— Problem —
In the data below, one line contains "#517 = EDGE_CURVE" and a later one contains "#2393 = CARTESIAN_POINT". Print both, with every line between them, exactly and alone.

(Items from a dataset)
****

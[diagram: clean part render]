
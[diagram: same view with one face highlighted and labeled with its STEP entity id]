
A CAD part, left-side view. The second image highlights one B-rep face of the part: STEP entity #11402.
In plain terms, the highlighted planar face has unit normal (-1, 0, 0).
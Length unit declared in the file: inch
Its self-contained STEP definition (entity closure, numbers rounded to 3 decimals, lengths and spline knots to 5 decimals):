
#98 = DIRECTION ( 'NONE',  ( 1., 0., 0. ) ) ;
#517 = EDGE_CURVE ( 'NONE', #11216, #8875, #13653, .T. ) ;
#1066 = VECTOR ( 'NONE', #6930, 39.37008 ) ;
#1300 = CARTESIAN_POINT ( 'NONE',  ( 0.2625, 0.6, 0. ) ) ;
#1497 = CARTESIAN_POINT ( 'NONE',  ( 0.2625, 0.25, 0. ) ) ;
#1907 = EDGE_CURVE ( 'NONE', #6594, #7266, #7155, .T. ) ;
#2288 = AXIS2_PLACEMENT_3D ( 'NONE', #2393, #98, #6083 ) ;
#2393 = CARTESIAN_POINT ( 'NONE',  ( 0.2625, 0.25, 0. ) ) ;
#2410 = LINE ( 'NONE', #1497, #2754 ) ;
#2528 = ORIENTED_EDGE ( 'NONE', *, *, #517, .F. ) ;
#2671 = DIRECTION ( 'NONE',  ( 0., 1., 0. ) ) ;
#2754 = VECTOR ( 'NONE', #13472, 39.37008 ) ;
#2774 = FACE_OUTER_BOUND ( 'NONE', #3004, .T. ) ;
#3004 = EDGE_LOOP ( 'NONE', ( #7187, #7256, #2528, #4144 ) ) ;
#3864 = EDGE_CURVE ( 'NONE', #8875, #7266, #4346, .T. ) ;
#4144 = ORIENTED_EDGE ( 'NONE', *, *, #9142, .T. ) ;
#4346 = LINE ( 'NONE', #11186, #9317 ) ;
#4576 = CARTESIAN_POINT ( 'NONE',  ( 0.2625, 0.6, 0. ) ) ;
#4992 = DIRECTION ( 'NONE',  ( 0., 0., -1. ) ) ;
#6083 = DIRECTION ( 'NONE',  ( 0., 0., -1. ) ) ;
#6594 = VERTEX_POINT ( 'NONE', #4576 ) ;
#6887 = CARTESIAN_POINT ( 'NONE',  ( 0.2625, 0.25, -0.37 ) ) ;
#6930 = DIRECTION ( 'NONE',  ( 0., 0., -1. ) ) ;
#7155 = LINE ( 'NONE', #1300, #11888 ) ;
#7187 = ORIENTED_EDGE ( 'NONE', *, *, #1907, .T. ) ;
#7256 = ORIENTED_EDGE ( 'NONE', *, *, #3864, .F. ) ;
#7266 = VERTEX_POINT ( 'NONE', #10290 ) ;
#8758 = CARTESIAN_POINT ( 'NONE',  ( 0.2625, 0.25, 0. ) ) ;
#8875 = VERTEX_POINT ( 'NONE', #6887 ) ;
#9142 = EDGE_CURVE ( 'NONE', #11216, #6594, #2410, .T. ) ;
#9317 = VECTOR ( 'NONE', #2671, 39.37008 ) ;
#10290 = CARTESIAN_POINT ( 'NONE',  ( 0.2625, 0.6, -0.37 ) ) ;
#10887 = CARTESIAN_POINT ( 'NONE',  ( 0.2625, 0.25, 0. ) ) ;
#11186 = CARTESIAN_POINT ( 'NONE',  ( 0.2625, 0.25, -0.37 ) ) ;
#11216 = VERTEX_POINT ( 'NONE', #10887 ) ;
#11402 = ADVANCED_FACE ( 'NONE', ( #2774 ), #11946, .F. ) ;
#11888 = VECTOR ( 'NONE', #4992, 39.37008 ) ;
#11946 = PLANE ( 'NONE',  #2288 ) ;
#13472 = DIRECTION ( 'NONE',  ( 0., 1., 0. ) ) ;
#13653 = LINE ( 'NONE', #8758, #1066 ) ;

****

— Task response —
#517 = EDGE_CURVE ( 'NONE', #11216, #8875, #13653, .T. ) ;
#1066 = VECTOR ( 'NONE', #6930, 39.37008 ) ;
#1300 = CARTESIAN_POINT ( 'NONE',  ( 0.2625, 0.6, 0. ) ) ;
#1497 = CARTESIAN_POINT ( 'NONE',  ( 0.2625, 0.25, 0. ) ) ;
#1907 = EDGE_CURVE ( 'NONE', #6594, #7266, #7155, .T. ) ;
#2288 = AXIS2_PLACEMENT_3D ( 'NONE', #2393, #98, #6083 ) ;
#2393 = CARTESIAN_POINT ( 'NONE',  ( 0.2625, 0.25, 0. ) ) ;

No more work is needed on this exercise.